Fake Capitalism Is a Bigger Threat Than Socialism - lawrenceyan
https://www.forbes.com/sites/patrickwwatson/2019/02/27/fake-capitalism-is-a-bigger-threat-than-socialism/#194590834f3f
======
ListeningPie
Article says capitalists like Warren Buffet aim to create monopolies so
increase their profits. Monopolies are bad for consumers because there is no
incentive to improve the product or lower price.

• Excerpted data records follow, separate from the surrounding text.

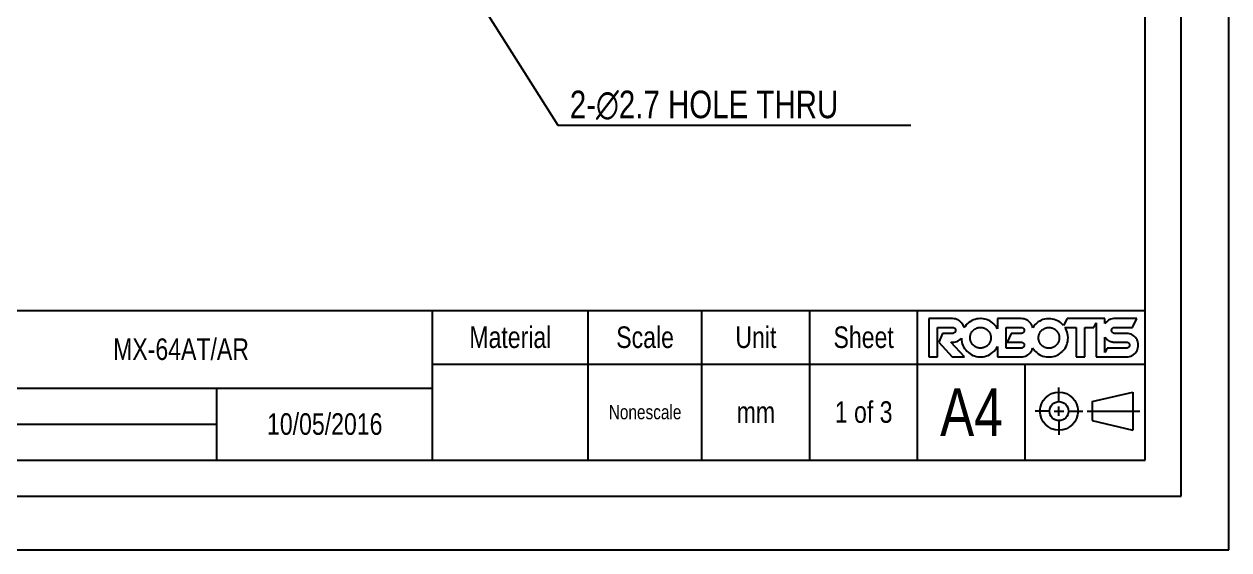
# Model space of a CAD drawing. Header units: millimetres. Extents: x 0 to 297, y 0 to 210.
# Drawn here: x 196.4 to 297, y 0 to 43.9 of the extents above; entities that cross this region are included whole.
import ezdxf

# ---------------------------------------------------------------- set-up
doc = ezdxf.new("R2010")
doc.units = ezdxf.units.MM
doc.header["$LTSCALE"] = 16.335
doc.layers.get('0').update_dxf_attribs({"linetype": 'CONTINUOUS'})
doc.styles.get("Standard").update_dxf_attribs({"font": 'txt', "width": 0.8})
doc.dimstyles.get("Standard").update_dxf_attribs({"dimtxt": 2.3, "dimasz": 2, "dimexe": 1, "dimexo": 0.5, "dimtad": 1, "dimdsep": 46, "dimtxsty": 'Standard', "dimblk": '_FILLED', "dimblk1": '_FILLED', "dimblk2": '_FILLED', "dimcen": 0.09, "dimadec": 0, "dimazin": 0, "dimtol": 1, "dimtp": 0.005, "dimtm": 0.005, "dimtfac": 1, "dimtofl": 0, "dimtmove": 0, "dimatfit": 3, "dimldrblk": '_FILLED', "dimfxl": 0, "dimtolj": 1, "dimarcsym": 0})

# ---------------------------------------------------------------- blocks, each defined once
blk = doc.blocks.new('*T14')
at = {"color": 0, "linetype": 'ByBlock', "lineweight": -2}
for p, q in [((0, 12.5), (101.5, 12.5)), ((0, 0), (0, 12.5)), ((42, 0), (42, 12.5)), ((55, 0), (55, 12.5)), ((64.5, 0), (64.5, 12.5)), ((73.5, 0), (73.5, 12.5)), ((82.5, 0), (82.5, 12.5)), ((101.5, 0), (101.5, 12.5)), ((42, 8), (101.5, 8)), ((91.5, 0), (91.5, 8)), ((0, 6), (42, 6)), ((24, 0), (24, 6)), ((0, 3), (24, 3)), ((0, 0), (101.5, 0))]:
    blk.add_line(p, q, dxfattribs=at)
at = {"color": 7, "linetype": 'Continuous', "char_height": 1.8, "attachment_point": 5}
for s, insert, width in [('Material', (48.5, 10.25), 12.88), ('Scale', (59.75, 10.25), 9.38), ('Unit', (69, 10.25), 8.88), ('Sheet', (78, 10.25), 8.88)]:
    blk.add_mtext(s, dxfattribs=dict(at, insert=insert, width=width))
at = {"color": 0, "linetype": 'Continuous', "insert": (21, 9.25), "char_height": 1.8, "width": 41.88, "attachment_point": 5, "line_spacing_factor": 0.9}
blk.add_mtext('MX-64AT/AR', dxfattribs=at)
at = {"color": 7, "linetype": 'Continuous', "attachment_point": 5, "line_spacing_factor": 0.9}
for s, insert, char_height, width in [('A4', (87, 4), 4, 8.88), ('Nonescale', (59.75, 4), 1.2, 9.38), ('mm', (69, 4), 1.8, 8.88), ('1 of 3', (78, 4), 1.8, 8.88), ('10/05/2016', (33, 3), 1.8, 17.88)]:
    blk.add_mtext(s, dxfattribs=dict(at, insert=insert, char_height=char_height, width=width))
blk = doc.blocks.new('_FILLED')
at = {"color": 0, "linetype": 'ByBlock'}
blk.add_solid([(0, 0), (-1, 0.125), (-1, -0.125)], dxfattribs=at)

msp = doc.modelspace()

# ---------------------------------------------------------------- linework, layer by layer
at = {"color": 7, "linetype": 'Continuous'}
for p, q in [((297, 0), (297, 210)), ((293, 4.5), (293, 203.5)), ((273.9297, 19.3148), (271.9452, 19.3148)), ((271.9452, 19.3148), (271.9452, 16.1212)), ((274.052, 19.3079), (273.9297, 19.3148)), ((274.1673, 19.2878), (274.052, 19.3079)), ((274.2764, 19.2545), (274.1673, 19.2878)), ((274.3801, 19.2081), (274.2764, 19.2545)), ((274.4786, 19.1485), (274.3801, 19.2081)), ((274.5725, 19.0748), (274.4786, 19.1485)), ((275.5359, 19.148), (275.4091, 19.075)), ((275.668, 19.2076), (275.5359, 19.148)), ((275.8056, 19.2541), (275.668, 19.2076)), ((275.949, 19.2875), (275.8056, 19.2541)), ((276.0992, 19.3079), (275.949, 19.2875)), ((276.2568, 19.3148), (276.0992, 19.3079)), ((276.3145, 19.3139), (276.2568, 19.3148)), ((276.4694, 19.3021), (276.3145, 19.3139)), ((276.6171, 19.277), (276.4694, 19.3021)), ((276.7583, 19.2388), (276.6171, 19.277)), ((276.8939, 19.1876), (276.7583, 19.2388)), ((277.0241, 19.1232), (276.8939, 19.1876)), ((277.1492, 19.0454), (277.0241, 19.1232)), ((279.6588, 19.3148), (277.6743, 19.3148)), ((277.6743, 19.3148), (277.6743, 18.4624)), ((279.7812, 19.3079), (279.6588, 19.3148)), ((279.8964, 19.2878), (279.7812, 19.3079)), ((280.0056, 19.2546), (279.8964, 19.2878)), ((280.0581, 19.233), (280.0056, 19.2546)), ((280.1093, 19.2082), (280.0581, 19.233)), ((280.2077, 19.1485), (280.1093, 19.2082)), ((280.3016, 19.0749), (280.2077, 19.1485)), ((281.3345, 19.1781), (281.2043, 19.1137)), ((281.4701, 19.2293), (281.3345, 19.1781)), ((281.6114, 19.2675), (281.4701, 19.2293)), ((281.7591, 19.2926), (281.6114, 19.2675)), ((281.9139, 19.3043), (281.7591, 19.2926)), ((281.9717, 19.3053), (281.9139, 19.3043)), ((282.1293, 19.2984), (281.9717, 19.3053)), ((282.2795, 19.278), (282.1293, 19.2984)), ((282.4229, 19.2446), (282.2795, 19.278)), ((282.5605, 19.1981), (282.4229, 19.2446)), ((282.6926, 19.1384), (282.5605, 19.1981)), ((282.8194, 19.0655), (282.6926, 19.1384)), ((283.494, 19.3164), (283.2004, 18.729)), ((285.9209, 19.3164), (283.494, 19.3164)), ((286.6505, 19.3171), (285.9209, 19.3171)), ((285.9209, 19.3171), (285.9209, 19.3164)), ((286.6505, 18.9008), (286.6505, 19.3171)), ((286.9452, 19.177), (286.8495, 19.1097)), ((287.0459, 19.2308), (286.9452, 19.177)), ((287.0983, 19.2527), (287.0459, 19.2308)), ((287.152, 19.2714), (287.0983, 19.2527)), ((287.2637, 19.2988), (287.152, 19.2714)), ((287.3821, 19.3132), (287.2637, 19.2988)), ((287.4517, 19.3154), (287.3821, 19.3132)), ((289.3225, 19.3154), (287.4517, 19.3154)), ((288.9574, 18.5854), (289.3225, 19.3154)), ((272.6746, 18.5852), (273.9301, 18.5852)), ((272.6746, 16.1212), (272.6746, 18.5852)), ((273.9301, 18.5852), (273.9511, 18.5844)), ((273.9511, 18.5844), (274.0091, 18.5734)), ((274.0091, 18.5734), (274.0359, 18.563)), ((274.0359, 18.563), (274.0613, 18.5493)), ((274.0614, 18.1174), (274.036, 18.1037)), ((274.0613, 18.5493), (274.108, 18.512)), ((274.108, 18.1547), (274.0614, 18.1174)), ((274.108, 18.512), (274.1453, 18.4651)), ((274.1453, 18.2016), (274.108, 18.1547)), ((274.1453, 18.4651), (274.159, 18.4396)), ((274.159, 18.2271), (274.1453, 18.2016)), ((274.159, 18.4396), (274.1695, 18.4126)), ((274.1695, 18.254), (274.159, 18.2271)), ((274.1695, 18.4126), (274.1805, 18.3544)), ((274.1805, 18.3122), (274.1695, 18.254)), ((274.1805, 18.3544), (274.1812, 18.3333)), ((274.1812, 18.3333), (274.1805, 18.3122)), ((274.6232, 19.0271), (274.5725, 19.0748)), ((274.6871, 18.9575), (274.6232, 19.0271)), ((274.7574, 18.8628), (274.6871, 18.9575)), ((274.8141, 18.7631), (274.7574, 18.8628)), ((274.8577, 18.6579), (274.8141, 18.7631)), ((274.8883, 18.5469), (274.8577, 18.6579)), ((274.9732, 18.6704), (274.8883, 18.5469)), ((275.072, 18.7888), (274.9732, 18.6704)), ((275.1277, 18.847), (275.072, 18.7888)), ((275.1691, 18.8872), (275.1277, 18.847)), ((275.287, 18.9884), (275.1691, 18.8872)), ((275.4091, 19.075), (275.287, 18.9884)), ((275.4749, 18.0989), (275.4934, 18.1341)), ((275.4934, 18.1341), (275.5138, 18.1686)), ((275.5138, 18.1686), (275.536, 18.2024)), ((275.536, 18.2024), (275.5602, 18.2356)), ((275.5602, 18.2356), (275.5865, 18.2683)), ((275.5865, 18.2683), (275.6147, 18.3003)), ((275.6147, 18.3003), (275.6452, 18.3319)), ((275.6452, 18.3319), (275.6607, 18.3469)), ((275.6607, 18.3469), (275.693, 18.3763)), ((275.693, 18.3763), (275.7258, 18.4036)), ((275.7258, 18.4036), (275.7592, 18.4287)), ((275.7592, 18.4287), (275.7931, 18.4519)), ((275.7931, 18.4519), (275.8276, 18.4732)), ((275.8276, 18.4732), (275.8628, 18.4925)), ((275.8628, 18.4925), (275.8986, 18.51)), ((275.8986, 18.51), (275.9351, 18.5256)), ((275.9351, 18.5256), (275.9723, 18.5395)), ((275.9723, 18.5395), (276.0103, 18.5515)), ((276.0103, 18.5515), (276.0491, 18.5617)), ((276.0491, 18.5617), (276.0887, 18.5701)), ((276.0887, 18.5701), (276.1292, 18.5766)), ((276.1292, 18.5766), (276.1707, 18.5814)), ((276.1707, 18.5814), (276.2132, 18.5842)), ((276.2132, 18.5842), (276.2568, 18.5852)), ((276.2568, 18.5852), (276.2816, 18.5849)), ((276.2816, 18.5849), (276.3251, 18.5829)), ((276.3251, 18.5829), (276.3674, 18.579)), ((276.3674, 18.579), (276.4087, 18.5732)), ((276.4087, 18.5732), (276.4489, 18.5656)), ((276.4489, 18.5656), (276.4882, 18.5563)), ((276.4882, 18.5563), (276.5267, 18.5451)), ((276.5267, 18.5451), (276.5643, 18.5322)), ((276.5643, 18.5322), (276.6011, 18.5175)), ((276.6011, 18.5175), (276.6372, 18.5009)), ((276.6372, 18.5009), (276.6725, 18.4825)), ((276.6725, 18.4825), (276.7071, 18.4623)), ((276.7071, 18.4623), (276.7411, 18.4402)), ((276.7411, 18.4402), (276.7744, 18.4162)), ((276.7744, 18.4162), (276.8071, 18.3901)), ((276.8071, 18.3901), (276.8392, 18.3621)), ((276.8392, 18.3621), (276.8708, 18.3319)), ((276.8708, 18.3319), (276.901, 18.3003)), ((276.901, 18.3003), (276.929, 18.2681)), ((276.929, 18.2681), (276.9551, 18.2354)), ((276.9551, 18.2354), (276.9791, 18.2021)), ((276.9791, 18.2021), (277.0012, 18.1682)), ((277.0012, 18.1682), (277.0214, 18.1335)), ((277.0214, 18.1335), (277.0398, 18.0982)), ((277.2697, 18.9536), (277.1492, 19.0454)), ((277.386, 18.847), (277.2697, 18.9536)), ((277.4053, 18.8274), (277.386, 18.847)), ((277.5091, 18.7106), (277.4053, 18.8274)), ((277.5985, 18.5891), (277.5091, 18.7106)), ((277.6743, 18.4624), (277.5985, 18.5891)), ((278.4038, 18.5852), (279.6592, 18.5852)), ((278.4038, 16.8507), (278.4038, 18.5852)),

Therefore as consumers we need to support legislation to stop companies
creating monopolies. But more legislation is bad because, as I have been told,
it is communism. Being equated with communism is really frustrating and makes
it impossible to have any form of discussion on why companies need
regulations.

Consumers are losing because it is profitable to exploit the system. Of course
the system is then exploited. There needs to be a legal framework against the
individual to not exploit laws and to not go after tax loopholes. Companies
see fines as a business expense, with individuals free to try and get more
wealth by any means. And once you’re wealthy you’re successful, so how you got
wealth really does not matter.

We have a manipulated feeling of fairness and an expectation that the wealthy
deserve it somehow. And really they don’t. There is a rising rage and in
America and France it has been misdirected at the politicians.

------
anoncoward111
Tyranny of any kind is the biggest threat and can be of the left/right/and
center variety